That was here . The older sister came home from Italy .  Then tested positive on Saturday . Family was told to stay at home . The Dad takes the younger sister to the school dance same day he was told to stay home . Dance was held at a hotel banquet center , but now that school is / was closed .  My daughter teaches at a private school and has kids that have older siblings that go to the school that was closed , but luckily none of those went to the dance .


----------



## sawhorseray (Mar 11, 2020)

I figured that was the case near you when I read about it Rich. The guy claims he was never told to quarantine the family. He most likely was told, just not in writing, and the idiot is not only stupid, he's also a liar! The old lady in Texas wasn't tested for coronavirus, the doc just wanted to know what foreign county she might have been to. The former head of the FDA says things are going to get real bad over the next 2-3 weeks, that could be a real understatement. We are in complete lockdown. RAY


----------



## Bearcarver (Mar 11, 2020)

sawhorseray said:


> I figured that was the case near you when I read about it Rich. The guy claims he was never told to quarantine the family. He most likely was told, just not in writing, and the idiot is not only stupid, he's also a liar! The old lady in Texas wasn't tested for coronavirus, the doc just wanted to know what foreign county she might have been to. The former head of the FDA says things are going to get real bad over the next 2-3 weeks, that could be a real understatement. We are in complete lockdown. RAY




This is what happens when your leaders say it's all a hoax, and overblown by the media.
The dead people are probably actors.

Bear


----------



## chopsaw (Mar 11, 2020)

sawhorseray said:


> The guy claims he was never told to quarantine the family.


B.S.
Last I saw , they're watching this pretty close . He might have a problem he didn't think about .


----------



## cmayna (Mar 11, 2020)

We're  ready !!


----------



## smokeymose (Mar 11, 2020)

cmayna said:


> We're  ready !!
> 
> 
> 
> ...


Great!

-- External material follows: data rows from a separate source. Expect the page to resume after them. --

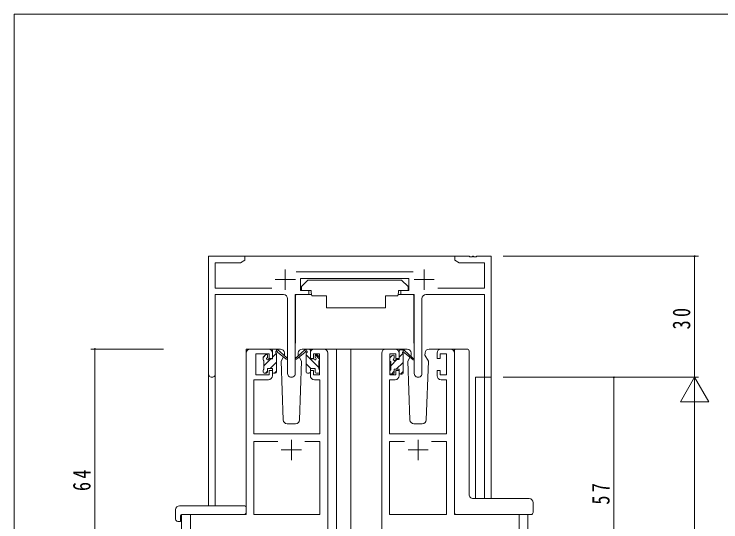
# Model space of a CAD drawing. Units: millimetres on the paper. Extents: x -397 to 397, y -282 to 282.
# Drawn here: x -393.9 to -218.8, y 153.5 to 279.3 of the extents above; entities that cross this region are included whole.
import ezdxf

# ---------------------------------------------------------------- set-up
doc = ezdxf.new("R2010")
doc.units = ezdxf.units.MM
for name, color, linetype, lineweight in [('0-1_YKK_ZWAK', 7, 'Continuous', 18), ('0-3_YKK_11', 7, 'Continuous', 18), ('0-4_YKK_12', 2, 'Continuous', 18), ('0-5_YKK_13', 4, 'Continuous', 18), ('0-6_YKK_D', 6, 'Continuous', 18)]:
    doc.layers.add(name, color=color, linetype=linetype, lineweight=lineweight)
doc.styles.add('ＭＳ ゴシック', font='')
doc.styles.get('ＭＳ ゴシック').set_extended_font_data('MS Gothic')

msp = doc.modelspace()

# ---------------------------------------------------------------- linework, layer by layer
at = {"layer": '0-1_YKK_ZWAK'}
for p in [(-393.908, -245.688), (376.092, 279.312)]:
    msp.add_line(p, (-393.908, 279.312), dxfattribs=at)
at = {"layer": '0-3_YKK_11'}
for p, q in [((-345.721, 219.312), (-345.721, 190.127)), ((-275.721, 219.312), (-279.262, 219.312)), ((-275.721, 189.312), (-275.721, 219.312)), ((-344.091, 211.442), (-344.091, 217.682)), ((-277.351, 217.682), (-277.351, 211.442)), ((-326.721, 216.012), (-326.721, 211.012)), ((-295.018, 215.442), (-324.028, 215.442)), ((-292.321, 216.012), (-292.321, 211.012)), ((-322.921, 210.812), (-322.921, 213.812)), ((-322.921, 213.812), (-296.121, 213.812)), ((-296.121, 213.812), (-296.121, 210.812)), ((-329.221, 213.512), (-324.221, 213.512)), ((-294.821, 213.512), (-289.821, 213.512)), ((-330.071, 211.442), (-344.091, 211.442)), ((-320.921, 210.812), (-322.921, 210.812)), ((-320.921, 209.812), (-320.921, 210.812)), ((-296.121, 210.812), (-298.121, 210.812)), ((-298.121, 210.812), (-298.121, 209.812)), ((-277.351, 211.442), (-288.97, 211.442)), ((-344.091, 209.812), (-327.171, 209.812)), ((-344.091, 190.127), (-344.091, 209.812)), ((-326.171, 208.812), (-326.171, 190.262)), ((-324.271, 190.262), (-324.271, 209.812)), ((-324.271, 209.812), (-320.921, 209.812)), ((-298.121, 209.812), (-294.771, 209.812)), ((-294.771, 209.812), (-294.771, 190.262)), ((-292.871, 190.262), (-292.871, 208.812)), ((-291.871, 209.812), (-277.351, 209.812)), ((-277.351, 209.812), (-277.351, 189.312)), ((-335.421, 196.312), (-330.921, 196.312)), ((-319.521, 196.312), (-317.221, 196.312)), ((-301.821, 196.312), (-299.521, 196.312)), ((-288.121, 196.312), (-285.821, 196.312)), ((-336.421, 155.312), (-336.421, 195.312)), ((-316.221, 195.312), (-316.221, 132.312)), ((-302.821, 132.312), (-302.821, 195.312)), ((-298.521, 195.312), (-298.521, 194.012)), ((-284.821, 195.312), (-284.821, 155.312)), ((-298.521, 194.012), (-299.321, 194.012)), ((-299.321, 191.012), (-298.521, 191.012)), ((-298.521, 191.012), (-298.521, 189.712)), ((-277.351, 189.312), (-275.721, 189.312)), ((-330.921, 188.712), (-334.491, 188.712)), ((-334.491, 188.712), (-334.491, 175.312)), ((-318.151, 188.712), (-319.521, 188.712)), ((-318.151, 175.312), (-318.151, 188.712)), ((-299.521, 188.712), (-300.891, 188.712)), ((-300.891, 188.712), (-300.891, 175.312)), ((-286.751, 188.712), (-288.121, 188.712)), ((-286.751, 175.312), (-286.751, 188.712)), ((-334.491, 175.312), (-318.151, 175.312)), ((-300.891, 175.312), (-286.751, 175.312)), ((-334.491, 173.382), (-328.571, 173.382)), ((-334.491, 155.312), (-334.491, 173.382)), ((-325.221, 173.812), (-325.221, 168.812)), ((-321.87, 173.382), (-318.151, 173.382)), ((-321.87, 173.382), (-318.151, 173.382)), ((-318.151, 173.382), (-318.151, 155.312)), ((-300.891, 173.382), (-297.171, 173.382)), ((-293.821, 173.812), (-293.821, 168.812)), ((-290.47, 173.382), (-286.751, 173.382)), ((-290.47, 173.382), (-286.751, 173.382)), ((-286.751, 173.382), (-286.751, 155.312)), ((-327.721, 171.312), (-322.721, 171.312)), ((-296.321, 171.312), (-291.321, 171.312)), ((-350.221, 155.312), (-336.421, 155.312)), ((-350.221, 132.312), (-350.221, 155.312)), ((-318.151, 155.312), (-334.491, 155.312)), ((-284.821, 155.312), (-268.821, 155.312)), ((-268.821, 155.312), (-268.821, 132.312))]:
    msp.add_line(p, q, dxfattribs=at)
for points in [[(-344.091, 217.682), (-337.812, 217.682), (-336.721, 218.312), (-336.721, 219.312), (-345.721, 219.312)], [(-279.262, 219.312), (-279.446, 219.192), (-279.996, 219.192), (-280.179, 219.312), (-280.262, 219.312), (-280.446, 219.192), (-280.996, 219.192), (-281.179, 219.312), (-284.721, 219.312), (-284.721, 218.312), (-283.629, 217.682), (-277.351, 217.682)], [(-329.921, 195.312), (-329.921, 194.012), (-330.721, 194.012), (-330.721, 195.112), (-334.021, 195.112), (-334.021, 189.912), (-330.721, 189.912), (-330.721, 191.012), (-329.921, 191.012), (-329.921, 189.712)], [(-320.521, 189.712), (-320.521, 191.012), (-319.721, 191.012), (-319.721, 189.912), (-318.221, 189.912), (-318.221, 195.112), (-319.721, 195.112), (-319.721, 194.012), (-320.521, 194.012), (-320.521, 195.312)], [(-299.321, 194.012), (-299.321, 195.112), (-300.821, 195.112), (-300.821, 189.912), (-299.321, 189.912), (-299.321, 191.012)], [(-289.121, 189.712), (-289.121, 191.012), (-288.321, 191.012), (-288.321, 189.912), (-286.821, 189.912), (-286.821, 195.112), (-288.321, 195.112), (-288.321, 194.012), (-289.121, 194.012), (-289.121, 195.312)], [(-286.751, 155.312), (-300.891, 155.312), (-300.891, 173.382)]]:
    msp.add_lwpolyline(points, dxfattribs=at)
for centre, radius, start, end in [((-327.171, 208.812), 1, 0.00001, 89.99999), ((-291.871, 208.812), 1, 90.00001, 179.99999), ((-335.421, 195.312), 1, 90.00001, 179.99999), ((-330.921, 195.312), 1, 0.00001, 89.99999), ((-319.521, 195.312), 1, 90.00001, 179.99999), ((-317.221, 195.312), 1, 0.00001, 89.99999), ((-301.821, 195.312), 1, 90.00001, 179.99999), ((-299.521, 195.312), 1, 0.00001, 89.99999), ((-288.121, 195.312), 1, 90.00001, 179.99999), ((-285.821, 195.312), 1, 0.00001, 89.99999), ((-344.906, 190.127), 0.815, 179.99999, 0.00001), ((-330.921, 189.712), 1, 270.00001, 359.99999), ((-325.221, 190.262), 0.95, 179.99999, 0.00001), ((-319.521, 189.712), 1, 180.00001, 269.99999), ((-299.521, 189.712), 1, 270.00001, 359.99999), ((-293.821, 190.262), 0.95, 179.99999, 0.00001), ((-288.121, 189.712), 1, 180.00001, 269.99999)]:
    msp.add_arc(centre, radius, start, end, dxfattribs=at)
at = {"layer": '0-4_YKK_12'}
for p, q in [((-337.221, 219.312), (-284.221, 219.312)), ((-333.221, 196.312), (-336.421, 196.312)), ((-336.421, 155.612), (-336.421, 196.312)), ((-318.371, 196.312), (-311.621, 196.312)), ((-314.021, 196.312), (-314.021, 16.812)), ((-311.621, 196.312), (-301.821, 196.312)), ((-310.52, 196.312), (-310.52, 16.812)), ((-285.821, 196.312), (-284.373, 196.312)), ((-345.721, 190.127), (-345.721, 157.5)), ((-344.091, 190.127), (-344.091, 157.5)), ((-275.721, 189.312), (-279.621, 189.312)), ((-279.621, 189.312), (-279.621, 159.259)), ((-277.351, 189.312), (-277.351, 159.259)), ((-275.721, 189.312), (-275.721, 159.259)), ((-349.921, 155.312), (-352.421, 155.312)), ((-352.421, 155.312), (-352.421, 16.812)), ((-269.121, 155.312), (-266.621, 155.312)), ((-266.621, 155.312), (-266.621, 16.812))]:
    msp.add_line(p, q, dxfattribs=at)
at = {"layer": '0-5_YKK_13'}
for p, q in [((-321.118, 213.412), (-322.718, 211.812)), ((-321.118, 213.412), (-297.918, 213.412)), ((-297.918, 213.412), (-296.318, 211.812)), ((-322.718, 211.812), (-322.718, 210.812)), ((-322.718, 210.812), (-320.318, 210.812)), ((-298.718, 210.812), (-296.318, 210.812)), ((-296.318, 211.812), (-296.318, 210.812)), ((-324.168, 209.512), (-324.168, 197.812)), ((-323.868, 209.812), (-320.23, 209.812)), ((-301.859, 209.512), (-301.859, 206.512)), ((-301.859, 209.512), (-298.859, 209.512)), ((-295.173, 209.811), (-298.812, 209.812)), ((-294.873, 209.511), (-294.874, 197.812)), ((-327.934, 196.312), (-330.921, 196.312)), ((-329.62, 196.312), (-328.83, 196.312)), ((-328.92, 195.812), (-328.92, 196.312)), ((-328.636, 196.242), (-326.454, 194.194)), ((-321.805, 196.242), (-323.987, 194.194)), ((-319.521, 196.312), (-322.507, 196.312)), ((-320.821, 196.312), (-321.612, 196.312)), ((-321.521, 195.812), (-321.521, 196.312)), ((-320.545, 196.13), (-320.704, 196.288)), ((-296.534, 196.312), (-299.521, 196.312)), ((-298.22, 196.112), (-297.43, 196.112)), ((-297.52, 195.612), (-297.52, 196.112)), ((-288.121, 196.312), (-291.107, 196.312)), ((-284.373, 196.312), (-281.674, 196.312)), ((-332.219, 194.241), (-331.449, 195.011)), ((-332.132, 194.424), (-331.632, 194.924)), ((-331.12, 194.712), (-331.12, 194.373)), ((-329.92, 194.295), (-328.929, 195.285)), ((-328.92, 190.612), (-328.92, 195.212)), ((-326.486, 193.849), (-328.627, 195.546)), ((-323.955, 193.849), (-321.815, 195.546)), ((-323.456, 194.692), (-323.525, 194.812)), ((-322.678, 193.345), (-323.279, 194.385)), ((-321.521, 190.612), (-321.521, 195.212)), ((-318.421, 191.761), (-321.521, 194.861)), ((-319.321, 194.712), (-319.321, 194.373)), ((-318.221, 193.806), (-319.28, 194.864)), ((-318.309, 194.424), (-318.809, 194.924)), ((-300.732, 194.224), (-300.232, 194.724)), ((-299.72, 194.512), (-299.72, 194.173)), ((-298.52, 193.712), (-298.52, 195.812)), ((-298.52, 194.264), (-297.585, 195.199)), ((-297.52, 190.412), (-297.52, 195.012)), ((-297.236, 196.042), (-295.054, 193.994)), ((-295.086, 193.649), (-297.227, 195.346)), ((-291.278, 193.345), (-292.125, 194.812)), ((-284.821, 195.812), (-284.821, 155.812)), ((-281.174, 160.253), (-281.174, 195.812)), ((-332.22, 193.612), (-332.22, 194.212)), ((-332.02, 192.195), (-330.302, 193.912)), ((-332.02, 191.312), (-332.02, 193.412)), ((-330.457, 191.512), (-328.92, 193.049)), ((-327.242, 194.248), (-327.763, 193.345)), ((-327.763, 193.345), (-327.254, 178.777)), ((-323.187, 178.777), (-322.678, 193.345)), ((-320.418, 191.512), (-321.521, 192.616)), ((-318.421, 191.312), (-318.421, 193.412)), ((-318.221, 193.612), (-318.221, 194.212)), ((-300.82, 193.412), (-300.82, 194.012)), ((-300.62, 192.164), (-299.071, 193.712)), ((-300.62, 191.112), (-300.62, 193.212)), ((-299.259, 193.712), (-298.52, 193.712)), ((-299.226, 191.312), (-297.52, 193.019)), ((-295.842, 194.248), (-296.363, 193.345)), ((-296.363, 193.345), (-295.854, 178.777)), ((-291.787, 178.777), (-291.278, 193.345)), ((-332.22, 190.612), (-332.22, 191.112)), ((-331.12, 191.512), (-331.12, 190.612)), ((-331.12, 191.512), (-329.92, 191.512)), ((-329.92, 191.512), (-329.92, 190.612)), ((-319.321, 191.512), (-320.521, 191.512)), ((-320.521, 191.512), (-320.521, 190.612)), ((-319.321, 191.512), (-319.321, 190.612)), ((-318.221, 190.612), (-318.221, 191.112)), ((-300.82, 190.412), (-300.82, 190.912)), ((-299.72, 191.312), (-299.72, 190.412)), ((-299.72, 191.312), (-298.52, 191.312)), ((-298.52, 191.312), (-298.52, 190.412)), ((-331.42, 190.312), (-331.92, 190.312)), ((-331.657, 190.312), (-331.12, 190.849)), ((-329.22, 190.312), (-329.62, 190.312)), ((-329.412, 190.312), (-328.92, 190.804)), ((-321.221, 190.312), (-320.821, 190.312)), ((-319.021, 190.312), (-318.521, 190.312)), ((-300.02, 190.112), (-300.52, 190.112)), ((-300.426, 190.112), (-299.72, 190.819)), ((-297.82, 190.112), (-298.22, 190.112)), ((-298.181, 190.112), (-297.52, 190.774)), ((-326.255, 177.812), (-324.186, 177.812)), ((-294.855, 177.812), (-292.786, 177.812)), ((-281.176, 160.256), (-281.177, 160.253)), ((-266.321, 159.259), (-280.177, 159.259)), ((-265.321, 158.259), (-265.321, 157.132)), ((-353.908, 156.5), (-353.908, 154.125)), ((-352.908, 157.5), (-336.921, 157.5)), ((-336.421, 156.5), (-336.421, 157)), ((-336.421, 155.812), (-336.421, 156.5)), ((-265.321, 157.132), (-265.321, 155.812)), ((-352.721, 155.012), (-352.721, 154.12)), ((-352.421, 155.312), (-336.921, 155.312)), ((-284.191, 155.312), (-284.321, 155.312)), ((-266.321, 155.312), (-284.191, 155.312)), ((-265.821, 155.312), (-266.321, 155.312))]:
    msp.add_line(p, q, dxfattribs=at)
for points in [[(-320.318, 210.812), (-320.318, 210.312), (-320.177, 209.512), (-316.518, 209.512), (-316.518, 206.512), (-301.859, 206.512)], [(-298.718, 210.812), (-298.718, 210.312), (-298.859, 209.512)], [(-284.763, 196.132), (-284.764, 196.129), (-284.765, 196.126), (-284.766, 196.123), (-284.768, 196.12), (-284.769, 196.116), (-284.77, 196.113), (-284.771, 196.11), (-284.772, 196.107), (-284.773, 196.104), (-284.775, 196.101), (-284.776, 196.098), (-284.777, 196.094), (-284.778, 196.091), (-284.779, 196.088), (-284.78, 196.085), (-284.781, 196.081), (-284.782, 196.078), (-284.783, 196.075), (-284.784, 196.071), (-284.785, 196.068), (-284.786, 196.065), (-284.787, 196.061), (-284.788, 196.058), (-284.789, 196.055), (-284.79, 196.051), (-284.791, 196.048), (-284.792, 196.044), (-284.793, 196.041), (-284.794, 196.037), (-284.794, 196.034), (-284.795, 196.03), (-284.796, 196.027), (-284.797, 196.023), (-284.798, 196.02), (-284.799, 196.016), (-284.799, 196.013), (-284.8, 196.009), (-284.801, 196.006), (-284.802, 196.002)], [(-284.743, 196.148), (-284.745, 196.146), (-284.748, 196.143), (-284.75, 196.14), (-284.752, 196.138), (-284.755, 196.135), (-284.757, 196.132), (-284.759, 196.129), (-284.761, 196.127), (-284.764, 196.124), (-284.766, 196.121), (-284.768, 196.118)], [(-284.706, 196.232), (-284.708, 196.23), (-284.709, 196.228), (-284.711, 196.226), (-284.713, 196.223), (-284.714, 196.221), (-284.716, 196.219), (-284.717, 196.217), (-284.719, 196.214), (-284.72, 196.212), (-284.722, 196.21), (-284.724, 196.207), (-284.725, 196.205), (-284.727, 196.203), (-284.728, 196.2), (-284.73, 196.198), (-284.731, 196.195), (-284.733, 196.193), (-284.734, 196.19), (-284.736, 196.187), (-284.737, 196.185), (-284.738, 196.182), (-284.74, 196.18), (-284.741, 196.177), (-284.743, 196.174), (-284.744, 196.172), (-284.746, 196.169), (-284.747, 196.166), (-284.748, 196.163), (-284.75, 196.161), (-284.751, 196.158), (-284.752, 196.155), (-284.754, 196.152), (-284.755, 196.149), (-284.756, 196.146), (-284.758, 196.143), (-284.759, 196.141), (-284.76, 196.138), (-284.761, 196.135), (-284.763, 196.132)], [(-284.637, 196.237), (-284.64, 196.235), (-284.643, 196.233), (-284.646, 196.231), (-284.649, 196.229), (-284.651, 196.227), (-284.654, 196.225), (-284.657, 196.223), (-284.66, 196.221), (-284.663, 196.219), (-284.666, 196.217), (-284.669, 196.215), (-284.672, 196.213), (-284.675, 196.211), (-284.678, 196.208), (-284.68, 196.206), (-284.683, 196.204), (-284.686, 196.202), (-284.689, 196.2), (-284.691, 196.197), (-284.694, 196.195), (-284.697, 196.193), (-284.7, 196.19), (-284.702, 196.188), (-284.705, 196.186), (-284.708, 196.183), (-284.71, 196.181), (-284.713, 196.179), (-284.715, 196.176), (-284.718, 196.174), (-284.721, 196.171), (-284.723, 196.169), (-284.726, 196.166), (-284.728, 196.164), (-284.731, 196.161), (-284.733, 196.159), (-284.736, 196.156), (-284.738, 196.153), (-284.741, 196.151), (-284.743, 196.148)], [(-284.51, 196.293), (-284.513, 196.292), (-284.517, 196.291), (-284.52, 196.29), (-284.524, 196.289), (-284.527, 196.288), (-284.53, 196.287), (-284.534, 196.285), (-284.537, 196.284), (-284.54, 196.283), (-284.544, 196.282), (-284.547, 196.281), (-284.55, 196.279), (-284.554, 196.278), (-284.557, 196.277), (-284.56, 196.275), (-284.564, 196.274), (-284.567, 196.273), (-284.57, 196.271), (-284.574, 196.27), (-284.577, 196.268), (-284.58, 196.267), (-284.583, 196.266), (-284.587, 196.264), (-284.59, 196.262), (-284.593, 196.261), (-284.596, 196.259), (-284.599, 196.258), (-284.602, 196.256), (-284.606, 196.254), (-284.609, 196.253), (-284.612, 196.251), (-284.615, 196.249), (-284.618, 196.248), (-284.621, 196.246), (-284.624, 196.244), (-284.627, 196.242), (-284.63, 196.241), (-284.633, 196.239), (-284.637, 196.237)], [(-284.373, 196.312), (-284.376, 196.312), (-284.38, 196.312), (-284.383, 196.312), (-284.387, 196.312), (-284.391, 196.312), (-284.394, 196.312), (-284.398, 196.311), (-284.401, 196.311), (-284.405, 196.311), (-284.408, 196.311), (-284.412, 196.31), (-284.415, 196.31), (-284.419, 196.31), (-284.423, 196.31), (-284.426, 196.309), (-284.43, 196.309), (-284.433, 196.308), (-284.437, 196.308), (-284.44, 196.307), (-284.444, 196.307), (-284.447, 196.306), (-284.451, 196.306), (-284.454, 196.305), (-284.458, 196.305), (-284.461, 196.304), (-284.465, 196.303), (-284.468, 196.303), (-284.472, 196.302), (-284.475, 196.301), (-284.479, 196.301), (-284.482, 196.3), (-284.486, 196.299), (-284.489, 196.298), (-284.493, 196.297), (-284.496, 196.297), (-284.5, 196.296), (-284.503, 196.295), (-284.506, 196.294), (-284.51, 196.293)], [(-330.659, 193.912), (-329.92, 193.912), (-329.92, 196.012)], [(-326.935, 195.347), (-326.916, 194.812), (-326.985, 194.692)], [(-323.456, 194.692), (-323.525, 194.812), (-323.507, 195.347)], [(-319.782, 193.912), (-320.521, 193.912), (-320.521, 196.012)], [(-295.535, 195.347), (-295.516, 194.812), (-295.66, 194.563)], [(-291.981, 194.563), (-292.125, 194.812), (-292.107, 195.347)], [(-284.802, 196.002), (-284.802, 195.998), (-284.803, 195.995), (-284.804, 195.991), (-284.805, 195.987), (-284.805, 195.984), (-284.806, 195.98), (-284.807, 195.976), (-284.807, 195.973), (-284.808, 195.969), (-284.808, 195.965), (-284.809, 195.962), (-284.81, 195.958), (-284.81, 195.954), (-284.811, 195.95), (-284.811, 195.947), (-284.812, 195.943), (-284.812, 195.939), (-284.813, 195.935), (-284.813, 195.932), (-284.814, 195.928), (-284.814, 195.924), (-284.815, 195.92), (-284.815, 195.916), (-284.815, 195.913), (-284.816, 195.909), (-284.816, 195.905), (-284.816, 195.901), (-284.817, 195.897), (-284.817, 195.893), (-284.817, 195.89), (-284.818, 195.886), (-284.818, 195.882), (-284.818, 195.878), (-284.819, 195.874), (-284.819, 195.87), (-284.819, 195.866), (-284.819, 195.863), (-284.819, 195.859), (-284.82, 195.855)], [(-284.82, 195.855), (-284.82, 195.851), (-284.82, 195.847), (-284.82, 195.843), (-284.82, 195.839), (-284.82, 195.835), (-284.82, 195.831), (-284.82, 195.828), (-284.82, 195.824), (-284.82, 195.82), (-284.82, 195.816), (-284.82, 195.812)], [(-352.908, 153.62), (-352.721, 153.62), (-352.721, 154.12)], [(-284.82, 155.812), (-284.82, 155.806), (-284.82, 155.8), (-284.82, 155.794), (-284.82, 155.787), (-284.82, 155.781), (-284.819, 155.775), (-284.819, 155.769), (-284.818, 155.763), (-284.817, 155.757), (-284.817, 155.751), (-284.816, 155.745), (-284.815, 155.739), (-284.814, 155.733), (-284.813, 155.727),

Now theres going to be a run on water jugs.....


----------



## clifish (Mar 11, 2020)

Deleted


----------



## tempnexus (Mar 11, 2020)




----------



## sawhorseray (Mar 11, 2020)

So what are you trying to get across? You don't think it's quite the comical joke you thought it was last week? Nobody needs to view more news clips, it's a pandemic. RAY


----------



## forktender (Mar 11, 2020)

Great bring that ship into my backyard them move them to Travis which is in a highly populated area. 
The best thing they could have done was keep that ship on anchor in the middle of the SF bay or drop them off on Alcatraz and quarantined them right there, with food and hospitals 30 minutes away in SF or Oakland. This decision is going to backfire on us big time.
They could've air dropped food and meds to them using military choppers, but no lets load them up on busses and drive the 1 hr 30 minutes to Travis........these people are ignorant at best.


----------



## sawhorseray (Mar 12, 2020)

Setting up shop on Alcatraz would have made too much sense, remember, getting the ship docked was all run by politicians. I told my friend who was stuck on the GP he should be happy it wasn't torpedoed at night and sunk in the shipping channel before it ever got thru the Golden Gates. RAY


----------



## schlotz (Mar 12, 2020)

Easy folks, we all are concerned and the one thing in common is we don't have control.  Stoking up the situation with hindsight observations only serves to inflate emotions when the true need is for calm, structured thinking by those in charge.  What we do have is the ability to make smart decisions for ourselves and family.  Keep things clean, cover your cough, and wash your hand A LOT.  Let's also remember these poor folks on the GP are all somebody's loved ones and are going through a very rough time.


----------



## clifish (Mar 12, 2020)

I know it is happening in CA but all NY state colleges have already suspended graduations...how they can make that call this early is beyond me.  I can see the extended spring breaks...maybe.  Although sending everyone back to other infected areas only to have them all come back to school might backfire.


----------



## Bearcarver (Mar 12, 2020)

I don't think there's much guesswork any more as to how bad this is going to be, at a minimum.
The only thing unknown is just how terrible it will get.

Bear


----------



## clifish (Mar 12, 2020)

Bearcarver said:


> I don't think there's much guesswork any more as to how bad this is going to be, at a minimum.
> The only thing unknown is just how terrible it will get.
> 
> Bear


Like you,  my father (86) is trying to seclude himself in PA and avoiding most social events even some as small as his local pot luck dinner.  He has a restrictive lung issue (copd like) and other slight issues, he knows if he gets it, it won't end well.  I won't even see him when I go to my house near him as I have a ton more interaction with people down here in Long Island.


----------



## noboundaries (Mar 12, 2020)

I suspect schools shutting down, cancellation of sporting events, and everything else that is going on is both an abundance of caution and, more importantly, a need to avoid litigation. There's already one Grand Princess lawsuit. I suspect more will follow.


----------



## 6GRILLZNTN (Mar 12, 2020)

Two more cases in Middle TN.  My alma mater (MTSU) just shut down campus classes for another week, and no fans allowed at the SEC championship in Nashville.  Geez!


----------



## tempnexus (Mar 12, 2020)

sawhorseray said:


> So what are you trying to get across? You don't think it's quite the comical joke you thought it was last week? Nobody needs to view more news clips, it's a pandemic. RAY


I still think it's a comical joke.  I am just posting the news for those who are paranoid.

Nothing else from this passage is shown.